# Best place to leave cat



## Blinky26 (Apr 20, 2010)

Going on holiday for 2 weeks.... can anyone recommend any catteries

Thanks


----------



## Free_Spirit (Aug 30, 2009)

Blinky26 said:


> Going on holiday for 2 weeks.... can anyone recommend any catteries
> 
> Thanks


the best is to leave it with your friends if you have anyone flexible to look after him/her.. especially if your cat saw them before... it will be less stressful for the animal


----------



## katiepotato (Apr 29, 2008)

Dubai Kennels and Cattery are meant to be OK - but they are not cheap, so it might be better to find someone who can cat-sit for you without having to move your pet to a new environment (as well as less stressful as Ella has mentioned).
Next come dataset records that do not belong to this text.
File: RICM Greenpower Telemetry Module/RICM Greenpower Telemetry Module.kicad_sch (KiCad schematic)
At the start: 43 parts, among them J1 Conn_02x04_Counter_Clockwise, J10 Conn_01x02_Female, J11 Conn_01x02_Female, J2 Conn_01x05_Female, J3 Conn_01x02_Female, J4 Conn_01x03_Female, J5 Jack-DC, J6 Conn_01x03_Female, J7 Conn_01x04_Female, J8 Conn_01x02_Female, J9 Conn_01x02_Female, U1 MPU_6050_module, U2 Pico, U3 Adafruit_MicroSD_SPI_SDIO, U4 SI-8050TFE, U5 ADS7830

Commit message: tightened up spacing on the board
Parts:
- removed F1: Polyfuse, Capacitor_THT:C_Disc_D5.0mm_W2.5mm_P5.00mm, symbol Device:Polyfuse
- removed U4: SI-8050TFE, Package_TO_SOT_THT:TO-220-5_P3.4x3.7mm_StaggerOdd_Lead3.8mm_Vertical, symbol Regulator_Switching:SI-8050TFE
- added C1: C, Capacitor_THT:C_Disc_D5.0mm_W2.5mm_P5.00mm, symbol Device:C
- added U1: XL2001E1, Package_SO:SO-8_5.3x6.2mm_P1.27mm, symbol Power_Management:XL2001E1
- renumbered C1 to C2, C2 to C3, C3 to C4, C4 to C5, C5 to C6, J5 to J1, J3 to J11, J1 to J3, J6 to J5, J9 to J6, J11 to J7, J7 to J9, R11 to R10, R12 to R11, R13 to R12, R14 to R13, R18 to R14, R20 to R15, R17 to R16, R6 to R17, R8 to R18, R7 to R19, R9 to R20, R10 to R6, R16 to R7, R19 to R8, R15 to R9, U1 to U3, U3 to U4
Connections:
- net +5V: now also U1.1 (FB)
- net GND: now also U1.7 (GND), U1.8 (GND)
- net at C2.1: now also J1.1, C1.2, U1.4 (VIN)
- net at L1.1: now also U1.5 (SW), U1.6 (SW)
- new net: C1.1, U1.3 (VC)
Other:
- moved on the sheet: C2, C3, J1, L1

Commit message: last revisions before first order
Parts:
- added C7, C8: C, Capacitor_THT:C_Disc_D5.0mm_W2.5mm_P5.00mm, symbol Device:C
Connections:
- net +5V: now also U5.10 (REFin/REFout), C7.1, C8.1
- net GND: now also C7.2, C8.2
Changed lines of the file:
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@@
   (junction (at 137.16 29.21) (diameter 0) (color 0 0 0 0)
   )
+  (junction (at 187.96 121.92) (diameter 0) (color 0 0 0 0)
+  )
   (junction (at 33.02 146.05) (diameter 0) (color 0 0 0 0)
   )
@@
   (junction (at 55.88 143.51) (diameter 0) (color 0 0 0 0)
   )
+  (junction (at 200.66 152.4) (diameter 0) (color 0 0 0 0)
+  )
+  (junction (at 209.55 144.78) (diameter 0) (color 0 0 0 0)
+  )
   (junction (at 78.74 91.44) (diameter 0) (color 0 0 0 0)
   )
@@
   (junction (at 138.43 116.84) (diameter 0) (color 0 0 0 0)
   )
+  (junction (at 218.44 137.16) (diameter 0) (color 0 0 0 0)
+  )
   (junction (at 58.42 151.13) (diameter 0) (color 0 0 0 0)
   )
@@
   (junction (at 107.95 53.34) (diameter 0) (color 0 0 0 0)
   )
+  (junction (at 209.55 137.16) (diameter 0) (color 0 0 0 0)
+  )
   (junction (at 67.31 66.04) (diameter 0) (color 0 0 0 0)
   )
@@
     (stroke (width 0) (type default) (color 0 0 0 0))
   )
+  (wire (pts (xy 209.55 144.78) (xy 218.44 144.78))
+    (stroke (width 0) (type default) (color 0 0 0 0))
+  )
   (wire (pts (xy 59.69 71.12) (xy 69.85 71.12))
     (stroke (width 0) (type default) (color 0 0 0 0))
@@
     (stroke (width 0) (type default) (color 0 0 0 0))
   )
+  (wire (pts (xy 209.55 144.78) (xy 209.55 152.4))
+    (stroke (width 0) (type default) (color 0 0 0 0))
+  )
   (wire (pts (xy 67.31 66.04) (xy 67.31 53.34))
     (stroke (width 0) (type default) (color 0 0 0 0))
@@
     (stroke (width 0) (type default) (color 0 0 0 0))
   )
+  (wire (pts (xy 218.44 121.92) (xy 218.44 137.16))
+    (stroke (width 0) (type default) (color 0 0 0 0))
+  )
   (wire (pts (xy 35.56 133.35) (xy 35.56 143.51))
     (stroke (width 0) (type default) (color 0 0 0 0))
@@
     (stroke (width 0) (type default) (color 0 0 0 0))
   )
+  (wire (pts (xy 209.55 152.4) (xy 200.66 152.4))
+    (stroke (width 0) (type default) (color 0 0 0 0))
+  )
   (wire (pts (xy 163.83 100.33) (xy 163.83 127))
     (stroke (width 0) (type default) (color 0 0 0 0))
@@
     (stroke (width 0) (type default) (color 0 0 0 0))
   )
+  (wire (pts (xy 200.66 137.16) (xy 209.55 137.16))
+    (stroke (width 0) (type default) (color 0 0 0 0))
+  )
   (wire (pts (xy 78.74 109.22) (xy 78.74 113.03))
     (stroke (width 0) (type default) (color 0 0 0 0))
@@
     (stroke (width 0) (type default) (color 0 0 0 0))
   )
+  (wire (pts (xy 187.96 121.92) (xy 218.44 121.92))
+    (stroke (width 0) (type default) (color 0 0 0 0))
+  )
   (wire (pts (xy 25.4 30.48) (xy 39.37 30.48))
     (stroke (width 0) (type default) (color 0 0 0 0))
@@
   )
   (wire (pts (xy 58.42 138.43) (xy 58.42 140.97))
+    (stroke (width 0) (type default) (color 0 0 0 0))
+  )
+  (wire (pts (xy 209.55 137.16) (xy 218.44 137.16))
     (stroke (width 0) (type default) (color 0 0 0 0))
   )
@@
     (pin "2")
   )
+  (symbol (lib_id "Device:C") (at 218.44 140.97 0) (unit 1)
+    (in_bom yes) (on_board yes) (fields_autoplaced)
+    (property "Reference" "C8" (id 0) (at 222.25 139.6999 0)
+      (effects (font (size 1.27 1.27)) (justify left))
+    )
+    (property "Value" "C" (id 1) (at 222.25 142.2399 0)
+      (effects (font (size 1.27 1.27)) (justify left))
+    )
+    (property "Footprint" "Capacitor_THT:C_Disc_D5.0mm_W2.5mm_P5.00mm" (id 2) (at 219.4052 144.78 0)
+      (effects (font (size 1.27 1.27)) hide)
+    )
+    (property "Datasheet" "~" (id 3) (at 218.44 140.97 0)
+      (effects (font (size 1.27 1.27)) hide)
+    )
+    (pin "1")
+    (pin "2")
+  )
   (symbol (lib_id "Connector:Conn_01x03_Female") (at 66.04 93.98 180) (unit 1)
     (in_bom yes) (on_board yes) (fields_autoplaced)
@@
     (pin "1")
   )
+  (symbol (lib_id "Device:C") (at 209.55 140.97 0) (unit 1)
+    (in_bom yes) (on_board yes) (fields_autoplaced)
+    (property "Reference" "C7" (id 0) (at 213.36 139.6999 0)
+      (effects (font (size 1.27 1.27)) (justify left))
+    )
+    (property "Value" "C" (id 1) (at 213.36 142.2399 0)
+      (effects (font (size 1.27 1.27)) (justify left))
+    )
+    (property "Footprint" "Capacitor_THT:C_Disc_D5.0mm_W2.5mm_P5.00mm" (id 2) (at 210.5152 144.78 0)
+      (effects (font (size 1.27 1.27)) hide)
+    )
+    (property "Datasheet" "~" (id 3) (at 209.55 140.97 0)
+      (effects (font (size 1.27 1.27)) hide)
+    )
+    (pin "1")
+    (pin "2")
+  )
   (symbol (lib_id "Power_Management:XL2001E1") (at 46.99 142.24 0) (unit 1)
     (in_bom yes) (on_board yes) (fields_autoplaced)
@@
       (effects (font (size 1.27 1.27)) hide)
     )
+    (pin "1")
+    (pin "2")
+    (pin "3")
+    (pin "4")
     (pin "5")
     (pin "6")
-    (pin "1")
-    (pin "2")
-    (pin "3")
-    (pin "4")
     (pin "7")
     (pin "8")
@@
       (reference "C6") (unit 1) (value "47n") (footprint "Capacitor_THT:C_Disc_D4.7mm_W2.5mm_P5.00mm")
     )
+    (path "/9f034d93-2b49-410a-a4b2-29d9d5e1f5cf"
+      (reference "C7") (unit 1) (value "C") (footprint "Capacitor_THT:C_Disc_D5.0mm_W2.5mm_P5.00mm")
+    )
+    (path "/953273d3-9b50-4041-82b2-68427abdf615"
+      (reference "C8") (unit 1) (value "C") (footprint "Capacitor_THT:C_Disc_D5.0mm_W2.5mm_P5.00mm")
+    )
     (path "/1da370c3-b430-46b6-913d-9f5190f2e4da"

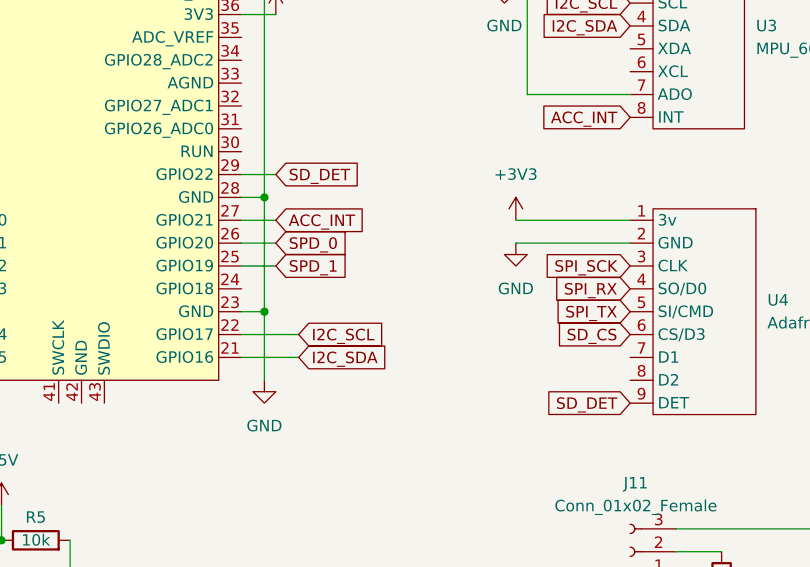
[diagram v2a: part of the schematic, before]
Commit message: Added pullups for i2c
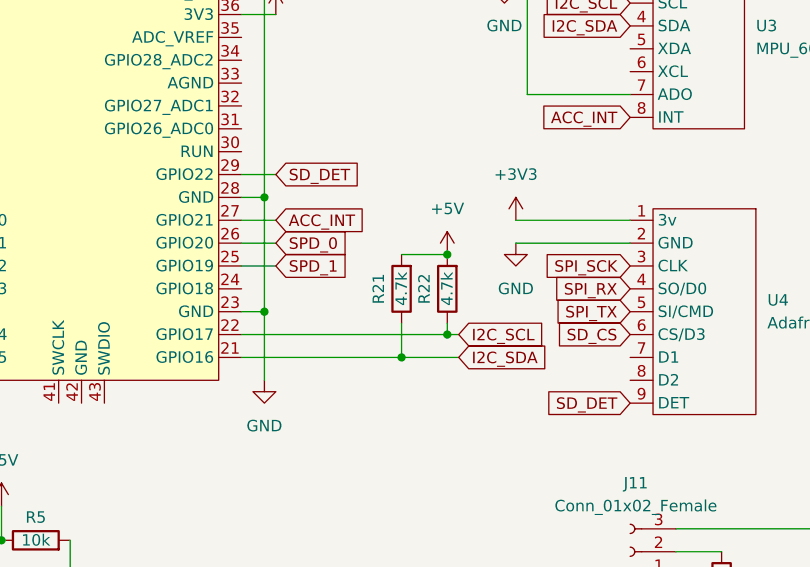
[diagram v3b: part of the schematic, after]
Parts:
- added R21, R22: 4.7k, Resistor_THT:R_Axial_DIN0207_L6.3mm_D2.5mm_P7.62mm_Horizontal, symbol Device:R
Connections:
- net +5V: now also R21.2, R22.2
- net I2C_SCL: now also R22.1
- net I2C_SDA: now also R21.1
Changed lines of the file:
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@@
   (junction (at 140.97 148.59) (diameter 0) (color 0 0 0 0)
   )
+  (junction (at 123.19 71.12) (diameter 0) (color 0 0 0 0)
+  )
   (junction (at 158.75 100.33) (diameter 0) (color 0 0 0 0)
   )
@@
   (junction (at 156.21 107.95) (diameter 0) (color 0 0 0 0)
   )
+  (junction (at 128.27 59.69) (diameter 0) (color 0 0 0 0)
+  )
   (junction (at 33.02 151.13) (diameter 0) (color 0 0 0 0)
   )
@@
   (junction (at 152.4 175.26) (diameter 0) (color 0 0 0 0)
   )
+  (junction (at 128.27 68.58) (diameter 0) (color 0 0 0 0)
+  )
   (junction (at 130.81 116.84) (diameter 0) (color 0 0 0 0)
   )
@@
     (stroke (width 0) (type default) (color 0 0 0 0))
   )
+  (wire (pts (xy 128.27 68.58) (xy 129.54 68.58))
+    (stroke (width 0) (type default) (color 0 0 0 0))
+  )
   (wire (pts (xy 138.43 116.84) (xy 147.32 116.84))
     (stroke (width 0) (type default) (color 0 0 0 0))
@@
     (stroke (width 0) (type default) (color 0 0 0 0))
   )
-  (wire (pts (xy 105.41 68.58) (xy 111.76 68.58))
-    (stroke (width 0) (type default) (color 0 0 0 0))
-  )
   (wire (pts (xy 31.75 140.97) (xy 31.75 146.05))
     (stroke (width 0) (type default) (color 0 0 0 0))
@@
     (stroke (width 0) (type default) (color 0 0 0 0))
   )
+  (wire (pts (xy 105.41 71.12) (xy 123.19 71.12))
+    (stroke (width 0) (type default) (color 0 0 0 0))
+  )
   (wire (pts (xy 163.83 100.33) (xy 163.83 127))
     (stroke (width 0) (type default) (color 0 0 0 0))
@@
     (stroke (width 0) (type default) (color 0 0 0 0))
   )
+  (wire (pts (xy 128.27 67.31) (xy 128.27 68.58))
+    (stroke (width 0) (type default) (color 0 0 0 0))
+  )
   (wire (pts (xy 33.02 151.13) (xy 33.02 152.4))
     (stroke (width 0) (type default) (color 0 0 0 0))
@@
     (stroke (width 0) (type default) (color 0 0 0 0))
   )
+  (wire (pts (xy 123.19 59.69) (xy 128.27 59.69))
+    (stroke (width 0) (type default) (color 0 0 0 0))
+  )
   (wire (pts (xy 52.07 35.56) (xy 69.85 35.56))
     (stroke (width 0) (type default) (color 0 0 0 0))
@@
     (stroke (width 0) (type default) (color 0 0 0 0))
   )
+  (wire (pts (xy 105.41 68.58) (xy 128.27 68.58))
+    (stroke (width 0) (type default) (color 0 0 0 0))
+  )
   (wire (pts (xy 123.19 111.76) (xy 123.19 114.3))
     (stroke (width 0) (type default) (color 0 0 0 0))
   )
-  (wire (pts (xy 105.41 71.12) (xy 111.76 71.12))
-    (stroke (width 0) (type default) (color 0 0 0 0))
-  )
   (wire (pts (xy 58.42 138.43) (xy 58.42 140.97))
     (stroke (width 0) (type default) (color 0 0 0 0))
@@
     (stroke (width 0) (type default) (color 0 0 0 0))
   )
+  (wire (pts (xy 123.19 71.12) (xy 129.54 71.12))
+    (stroke (width 0) (type default) (color 0 0 0 0))
+  )
   (wire (pts (xy 67.31 27.94) (xy 69.85 27.94))
     (stroke (width 0) (type default) (color 0 0 0 0))
@@
   )
   (wire (pts (xy 95.25 166.37) (xy 101.6 166.37))
+    (stroke (width 0) (type default) (color 0 0 0 0))
+  )
+  (wire (pts (xy 123.19 67.31) (xy 123.19 71.12))
     (stroke (width 0) (type default) (color 0 0 0 0))
   )
@@
     )
   )
-  (global_label "I2C_SCL" (shape input) (at 111.76 68.58 0) (fields_autoplaced)
+  (global_label "I2C_SCL" (shape input) (at 129.54 68.58 0) (fields_autoplaced)
     (effects (font (size 1.27 1.27)) (justify left))
-    (property "Intersheet References" "${INTERSHEET_REFS}" (id 0) (at 121.7326 68.6594 0)
+    (property "Intersheet References" "${INTERSHEET_REFS}" (id 0) (at 139.5126 68.6594 0)
       (effects (font (size 1.27 1.27)) (justify left) hide)
     )
@@
     )
   )
-  (global_label "I2C_SDA" (shape input) (at 111.76 71.12 0) (fields_autoplaced)
+  (global_label "I2C_SDA" (shape input) (at 129.54 71.12 0) (fields_autoplaced)
     (effects (font (size 1.27 1.27)) (justify left))
-    (property "Intersheet References" "${INTERSHEET_REFS}" (id 0) (at 121.7931 71.1994 0)
+    (property "Intersheet References" "${INTERSHEET_REFS}" (id 0) (at 139.5731 71.1994 0)
       (effects (font (size 1.27 1.27)) (justify left) hide)
     )
@@
     (pin "5")
   )
+  (symbol (lib_id "Device:R") (at 123.19 63.5 180) (unit 1)
+    (in_bom yes) (on_board yes)
+    (property "Reference" "R21" (id 0) (at 120.65 63.5 90))
+    (property "Value" "4.7k" (id 1) (at 123.19 63.5 90))
+    (property "Footprint" "Resistor_THT:R_Axial_DIN0207_L6.3mm_D2.5mm_P7.62mm_Horizontal" (id 2) (at 124.968 63.5 90)
+      (effects (font (size 1.27 1.27)) hide)
+    )
+    (property "Datasheet" "~" (id 3) (at 123.19 63.5 0)
+      (effects (font (size 1.27 1.27)) hide)
+    )
+    (pin "1")
+    (pin "2")
+  )
   (symbol (lib_id "power:GND") (at 180.34 107.95 0) (unit 1)
     (in_bom yes) (on_board yes) (fields_autoplaced)
@@
     )
     (pin "1")
+  )
+  (symbol (lib_id "Device:R") (at 128.27 63.5 180) (unit 1)
+    (in_bom yes) (on_board yes)
+    (property "Reference" "R22" (id 0) (at 125.73 63.5 90))
+    (property "Value" "4.7k" (id 1) (at 128.27 63.5 90))
+    (property "Footprint" "Resistor_THT:R_Axial_DIN0207_L6.3mm_D2.5mm_P7.62mm_Horizontal" (id 2) (at 130.048 63.5 90)
+      (effects (font (size 1.27 1.27)) hide)
+    )
+    (property "Datasheet" "~" (id 3) (at 128.27 63.5 0)
+      (effects (font (size 1.27 1.27)) hide)
+    )
+    (pin "1")
+    (pin "2")
   )
   (symbol (lib_id "Device:R") (at 152.4 171.45 0) (unit 1)
@@
     (pin "2")
   )
+  (symbol (lib_id "power:+5V") (at 128.27 59.69 0) (unit 1)
+    (in_bom yes) (on_board yes) (fields_autoplaced)
+    (property "Reference" "#PWR035" (id 0) (at 128.27 63.5 0)
+      (effects (font (size 1.27 1.27)) hide)
+    )
+    (property "Value" "+5V" (id 1) (at 128.27 54.61 0))
+    (property "Footprint" "" (id 2) (at 128.27 59.69 0)
+      (effects (font (size 1.27 1.27)) hide)
+    )
+    (property "Datasheet" "" (id 3) (at 128.27 59.69 0)
+      (effects (font (size 1.27 1.27)) hide)
+    )
+    (pin "1")
+  )
   (symbol (lib_id "power:+5V") (at 134.62 26.67 0) (unit 1)
     (in_bom yes) (on_board yes) (fields_autoplaced)
@@
       (reference "#PWR034") (unit 1) (value "GND") (footprint "")
     )
+    (path "/e568c9f3-f54f-4a9c-899a-4926c16d9cbc"
+      (reference "#PWR035") (unit 1) (value "+5V") (footprint "")
+    )
     (path "/eeb2398d-f466-4ceb-9eea-4480931c5a1b"
       (reference "C1") (unit 1) (value "C") (footprint "Capacitor_THT:C_Disc_D5.0mm_W2.5mm_P5.00mm")
@@
       (reference "R20") (unit 1) (value "10k") (footprint "Resistor_THT:R_Axial_DIN0207_L6.3mm_D2.5mm_P7.62mm_Horizontal")
     )
+    (path "/251805a9-5d75-4731-b6bc-fd009a038646"
+      (reference "R21") (unit 1) (value "4.7k") (footprint "Resistor_THT:R_Axial_DIN0207_L6.3mm_D2.5mm_P7.62mm_Horizontal")
+    )
+    (path "/606c7fb4-9629-4beb-a324-23c1e0199ea0"
+      (reference "R22") (unit 1) (value "4.7k") (footprint "Resistor_THT:R_Axial_DIN0207_L6.3mm_D2.5mm_P7.62mm_Horizontal")
+    )
     (path "/a0525f4b-32be-4e90-8496-5b7e608a9b2d"

Have a look in the "pets" section of the classifieds on Dubizzle, there seem to be a few pet sitters advertising on there, although obviously you will need to meet them and check them out first!


----------



## Fatenhappy (Jun 23, 2009)

Heres a link for Blue Oasis Petcare Dubai who are based over near the Green Community

They apparently are a Vetenary Clinic I was told by a friend that they sometimes do boarding for pets ... which pets I don't know but probably worth a call


----------



## alphaville (Sep 23, 2009)

Try Posh Pets, they are cheaper, and they look well organized, they can collect and deliver your pet for a fee


----------



## wandabug (Apr 22, 2010)

Hi Blinky26, I used to work at DKC (Dubai Kennels and Cattery), Please do not leave your pet there! The western staff there are lovely and mean well but they insist on giving all the animals a medical including nail clippping, they are unqualified and invariaby stress the animals out. If your cat doesn't want its nails clipped they will use force. the Indian staff behind the scenes are very rough with the animals. I left as I found it all too upsetting.


----------



## Fatenhappy (Jun 23, 2009)

wandabug said:


> Hi Blinky26, I used to work at DKC (Dubai Kennels and Cattery), Please do not leave your pet there! The western staff there are lovely and mean well but they insist on giving all the animals a medical including nail clippping, they are unqualified and invariaby stress the animals out. If your cat doesn't want its nails clipped they will use force. the Indian staff behind the scenes are very rough with the animals. I left as I found it all too upsetting.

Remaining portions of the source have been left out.